Abogados del Instituto para la Democracia y la Justicia en Haití (IJDH, según sus siglas en inglés) auspiciaron la demanda que “incluye a haitianos y estadounidense-haitianos que contrajeron cólera, así como a familiares de aquellos que murieron por la enfermedad”.

“Más de 8.300 personas han muerto y más de 650.000 se han contagiado de cólera desde octubre de 2010, cuando la ONU contaminó el río de Haití con material fecal con cepa de cólera”, dijo esta organización con sede en Boston (noroeste de Estados Unidos), al justificar la querella.

La letrada Ira Kurzban señaló en una conferencia de prensa en Manhattan que el país caribeño no había registrado ningún caso de cólera durante al menos 150 años hasta que los cascos azules nepaleses de la Misión de Naciones Unidas para la Estabilización de Haití (Minustah) introdujeron la enfermedad.

ONU ha negado responsabilidad

La ONU se ha negado hasta el momento a reconocer oficialmente su responsabilidad por la epidemia, estimando imposible determinar de manera formal su origen y recordando la inmunidad de la que goza.

Este miércoles, un vocero de la organización, Farhan Haq, afirmó que la ONU “permanece comprometida a hacer todo lo posible para ayudar al pueblo de Haití a superar la epidemia de cólera”.

“La ONU no tiene la costumbre de discutir en público sobre demandas judiciales presentadas contra la organización”, agregó.

“Conducta negligente, imprudente y dolosa”

En su denuncia, los querellantes aseguran que “el brote fue provocado por la conducta negligente, imprudente y dolosa de los acusados: las Naciones Unidas (ONU); su subsidiaria, la Misión de las Naciones Unidas para la Estabilización de Haití (Minustah); y al menos dos de sus oficiales”.

“Los acusados han sabido desde hace mucho tiempo que las frágiles infraestructuras sanitaria y de recolección de desechos de Haití creaban una gran vulnerabilidad a enfermedades transmitidas a través del agua pero fallaron a la hora de ejercer el debido cuidado para prevenir el devastador brote de dicha enfermedad”, denuncian.

“A pesar de la clara evidencia que establece su responsabilidad, los acusados ONU y Minustah han seguido negando haber causado la epidemia y han bloqueado los intentos de la prensa y las víctimas de discutir la situación”, continúan, según una copia enviada a la AFP.

La demanda no hace mención a un monto preciso de compensación para las víctimas e indica que esa cifra debe ser establecida durante el juicio.

 

Estudio de Yale complica a la ONU

Un estudio de la prestigiosa universidad estadounidense de Yale dado a conocer en agosto confirmó la responsabilidad de los cascos azules nepaleses en la epidemia.

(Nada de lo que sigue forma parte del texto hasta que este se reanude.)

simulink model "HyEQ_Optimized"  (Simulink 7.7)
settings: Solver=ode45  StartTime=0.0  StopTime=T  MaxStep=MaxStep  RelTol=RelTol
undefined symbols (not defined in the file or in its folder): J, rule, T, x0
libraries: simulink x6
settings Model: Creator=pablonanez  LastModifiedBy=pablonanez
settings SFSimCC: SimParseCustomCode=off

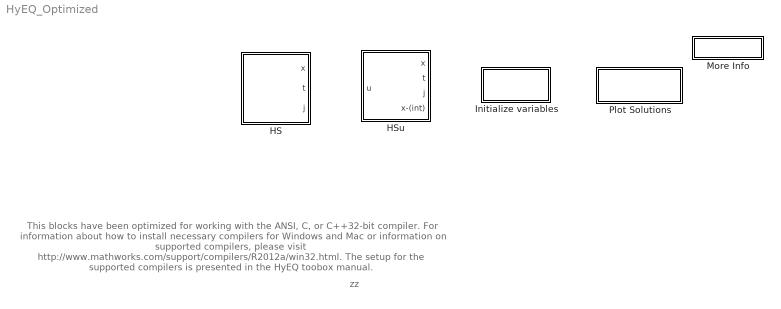
== system HyEQ_Optimized ==
  note: zz
  note: This blocks have been optimized for working with the ANSI, C, or C++32-bit compiler.
      |
      | For information about how to install necessary compilers for Windows and Mac or
      | information on supported compilers, please visit
      | http://www.mathworks.com/support/compilers/R2012a/win32.html.
      |
      | The setup for the supported compilers is presented in the HyEQ toobox manual.
  HS : Subsystem  LoadFcn=set_param(gcb,'LinkStatus','none')
      settings: CopyFcn=|
      | set_param(gcb,'LinkStatus','none'),
      | set_param(gcs, 'MaxStep', 'MaxStep', 'RelTol','RelTol','Stop time', 'T')
      mask Display:
      | image(imread('Hcal.jpg'))
      | %plot([5 20 20 5 5],[5 5 20 20 5])
      | %text(8,13,'HyEq_mdl')
      | port_label('output', 1, 'x')
      | port_label('output', 2, 't')
      | port_label('output', 3, 'j')
  HSu : Subsystem  LoadFcn=set_param(gcb,'LinkStatus','none')
      settings: CopyFcn=|
      | set_param(gcb,'LinkStatus','none'),
      | set_param(gcs, 'MaxStep', 'MaxStep', 'RelTol', 'RelTol','Stop time', 'T')
      mask Display:
      | image(imread('Hcal.jpg'))
      | %plot([5 20 20 5 5],[5 5 20 20 5])
      | %text(8,13,'HyEq_mdl')
      | port_label('output', 1, 'x')
      | port_label('output', 2, 't')
      | port_label('output', 3, 'j')
      | port_label('output', 4, 'x-(int)')
      | port_label('input', 1, 'u')
  Initialize variables : Subsystem  Priority=-10
      settings: OpenFcn=|
      | try
      |      clearvars -except inifile pathfile_in pathfile_pos posfile
      |      cd(pathfile_in);
      |      eval(inifile);
      | catch
      |      [inifile,pathfile_in] = getInitializationfile;
      |      cd(pathfile_in);
      |      inifile = strrep(inifile,'.m','');
      |      eval(inifile);
      | end
      mask Display: disp('Double Click\n to Initialize')
  More Info : Subsystem
      settings: OpenFcn=helpview 'HyEQ_Toolbox_v201.html'
      mask Display: disp('More Info')
  Plot Solutions : Subsystem
      settings: OpenFcn=|
      | try
      |      cd(pathfile_pos);
      |      eval(posfile);
      | catch
      |      [posfile,pathfile_pos] = getInitializationfile;
      |      cd(pathfile_pos);
      |      posfile = strrep(posfile,'.m','');
      |      eval(posfile);
      | end
      mask Display: disp('Double Click to\n Plot Solutions')

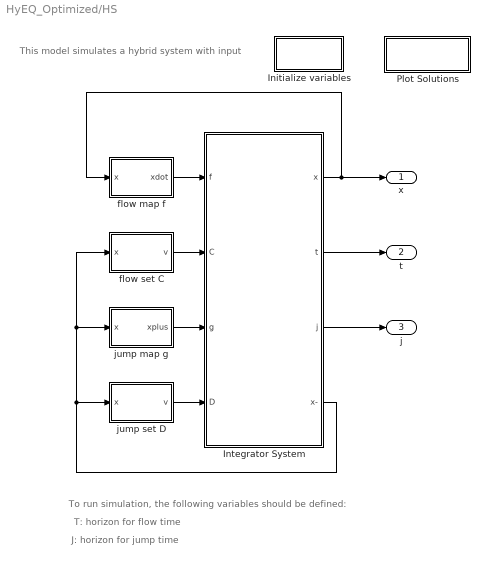
== system HyEQ_Optimized/HS ==
  note: This model simulates a hybrid system with input
  note: To run simulation, the following variables should be defined:
  note: T: horizon for flow time
  note: J: horizon for jump time
  Initialize variables : Subsystem  Priority=-10
      settings: OpenFcn=|
      | try
      |      clearvars -except inifile pathfile_in pathfile_pos posfile
      |      cd(pathfile_in);
      |      eval(inifile);
      | catch
      |      [inifile,pathfile_in] = getInitializationfile;
      |      cd(pathfile_in);
      |      inifile = strrep(inifile,'.m','');
      |      eval(inifile);
      | end
      mask Display: disp('Double Click\n to Initialize')
  Integrator System : Subsystem  Priority=2  mask(Hybrid Integrator){T=T, J=J, x0=x0}
      mask prompts: T "Flow Horizon"; J "Jump Horizon"; x0 "Initial Condition"
      mask help:
      | This block integrates the state of the hybrid system defined by the flow map f (first input), the flow set C (second input), the jump map g (third input) and the jump set D (fourth input).
      | Starting from the initial condition x0 (last mask parameter), the system's state x evolves continuously within the set C, according to f(x,u), but is also subject to jumps within D, according to g(x,u).
      | The block also stops the simulation when the time t is greater than the flow horizon T (first mask parameter), or when the number of jumps j is greater than the jump horizon J (second mask parameter).
      | The outputs of the blocks are respectively x(t), t, j, x(t-).
      mask Help:
      | This block integrates the state of the hybrid system defined by the flow map f (first input), the flow set C (second input), the jump map g (third input) and the jump set D (fourth input).
      | <br>
      | Starting from the initial condition x0 (last mask parameter), the system's state x evolves continuously within the set C, according to f(x,u), but is also subject to jumps within D, according to g(x,u).
      | <br>
      | The block also stops the simulation when the time t is greater than the flow horizon T (first mask parameter), or when the number of jumps j is greater than the jump horizon J (second mask parameter).
      | <br>
      | The outputs of the blocks are respectively x(t), t, j, x(t-).
      | <br>
      | You can right click on the block and "Look under mask" to see what's inside the block.
      | Finally, refer to the manual (HybridSimulator_vXX.pdf) for more detailed information on how this hybrid simulator works.
  Plot Solutions : Subsystem
      settings: OpenFcn=|
      | try
      |      cd(pathfile_pos);
      |      eval(posfile);
      | catch
      |      [posfile,pathfile_pos] = getInitializationfile;
      |      cd(pathfile_pos);
      |      posfile = strrep(posfile,'.m','');
      |      eval(posfile);
      | end
      mask Display: disp('Double Click to\n Plot Solutions')
  flow map f : Stateflow chart  TreatAsAtomicUnit=on
  flow set C : Stateflow chart  TreatAsAtomicUnit=on
  jump map g : Stateflow chart  Priority=2  TreatAsAtomicUnit=on
  jump set D : Stateflow chart  TreatAsAtomicUnit=on
  x : Outport
  t : Outport  Port=2
  j : Outport  Port=3
  wires:
  flow map f/1(xdot) -> Integrator System/1(f)
  Integrator System/4(x-) -> jump map g/1(x), flow set C/1(x), jump set D/1(x)
  Integrator System/1(x) -> flow map f/1(x), x/1
  flow set C/1(v) -> Integrator System/2(C)
  Integrator System/2(t) -> t/1
  Integrator System/3(j) -> j/1
  jump set D/1(v) -> Integrator System/4(D)
  jump map g/1(xplus) -> Integrator System/3(g)

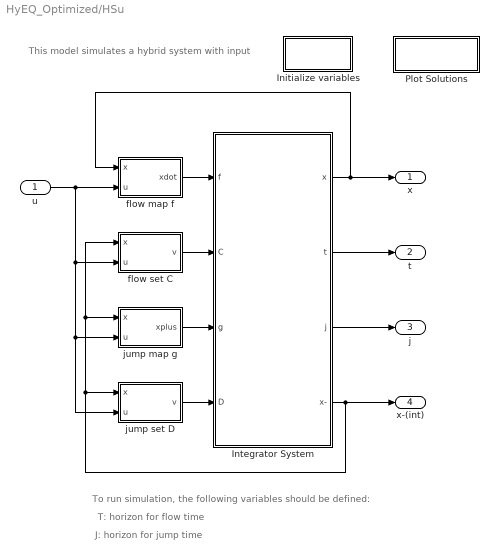
== system HyEQ_Optimized/HSu ==
  note: This model simulates a hybrid system with input
  note: To run simulation, the following variables should be defined:
  note: T: horizon for flow time
  note: J: horizon for jump time
  u : Inport
  Initialize variables : Subsystem  Priority=-10
      settings: OpenFcn=|
      | try
      |      clearvars -except inifile pathfile_in pathfile_pos posfile
      |      cd(pathfile_in);
      |      eval(inifile);
      | catch
      |      [inifile,pathfile_in] = getInitializationfile;
      |      cd(pathfile_in);
      |      inifile = strrep(inifile,'.m','');
      |      eval(inifile);
      | end
      mask Display: disp('Double Click\n to Initialize')
  Integrator System : Subsystem  Priority=2  mask(Hybrid Integrator){T=T, J=J, x0=x0}
      mask prompts: T "Flow Horizon"; J "Jump Horizon"; x0 "Initial Condition"
      mask help:
      | This block integrates the state of the hybrid system defined by the flow map f (first input), the flow set C (second input), the jump map g (third input) and the jump set D (fourth input).
      | Starting from the initial condition x0 (last mask parameter), the system's state x evolves continuously within the set C, according to f(x,u), but is also subject to jumps within D, according to g(x,u).
      | The block also stops the simulation when the time t is greater than the flow horizon T (first mask parameter), or when the number of jumps j is greater than the jump horizon J (second mask parameter).
      | The outputs of the blocks are respectively x(t), t, j, x(t-).
      mask Help:
      | This block integrates the state of the hybrid system defined by the flow map f (first input), the flow set C (second input), the jump map g (third input) and the jump set D (fourth input).
      | <br>
      | Starting from the initial condition x0 (last mask parameter), the system's state x evolves continuously within the set C, according to f(x,u), but is also subject to jumps within D, according to g(x,u).
      | <br>
      | The block also stops the simulation when the time t is greater than the flow horizon T (first mask parameter), or when the number of jumps j is greater than the jump horizon J (second mask parameter).
      | <br>
      | The outputs of the blocks are respectively x(t), t, j, x(t-).
      | <br>
      | You can right click on the block and "Look under mask" to see what's inside the block.
      | Finally, refer to the manual (HybridSimulator_vXX.pdf) for more detailed information on how this hybrid simulator works.
  Plot Solutions : Subsystem
      settings: OpenFcn=|
      | try
      |      cd(pathfile_pos);
      |      eval(posfile);
      | catch
      |      [posfile,pathfile_pos] = getInitializationfile;
      |      cd(pathfile_pos);
      |      posfile = strrep(posfile,'.m','');
      |      eval(posfile);
      | end
      mask Display: disp('Double Click to\n Plot Solutions')
  flow map f : Stateflow chart  TreatAsAtomicUnit=on
  flow set C : Stateflow chart  TreatAsAtomicUnit=on
  jump map g : Stateflow chart  Priority=2  TreatAsAtomicUnit=on
  jump set D : Stateflow chart  TreatAsAtomicUnit=on
  x : Outport
  t : Outport  Port=2
  j : Outport  Port=3
  x-(int) : Outport  Port=4
  wires:
  flow map f/1(xdot) -> Integrator System/1(f)
  Integrator System/4(x-) -> jump map g/1(x), flow set C/1(x), jump set D/1(x), x-(int)/1
  Integrator System/1(x) -> flow map f/1(x), x/1
  flow set C/1(v) -> Integrator System/2(C)
  Integrator System/2(t) -> t/1
  Integrator System/3(j) -> j/1
  u/1 -> flow map f/2(u), flow set C/2(u), jump map g/2(u), jump set D/2(u)
  jump set D/1(v) -> Integrator System/4(D)
  jump map g/1(xplus) -> Integrator System/3(g)

== system HyEQ_Optimized/Initialize variables ==

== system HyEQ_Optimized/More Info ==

Una investigación anterior de 2011 había llegado a la misma conclusión.

El estudio de estudiantes y profesores de Yale especializados en derecho y salud pública recomendaba a Naciones Unidas aceptar las demandas de las víctimas y tomar medidas para prevenir otras catástrofes de este tipo en el mundo.

Los investigadores reconocieron que según los términos de la carta de Naciones Unidas y la Convención sobre los privilegios e inmunidad de la ONU de 1946, la organización “está exenta de toda denuncia ante la mayoría de las jurisdicciones nacionales e internacionales”.

Pero hicieron valer sin embargo que a raíz de esa misma inmunidad, la ONU debería cerrar acuerdos con los países en los que hay estacionados cascos azules para asumir su responsabilidad en caso de que su personal cause daños a la población local.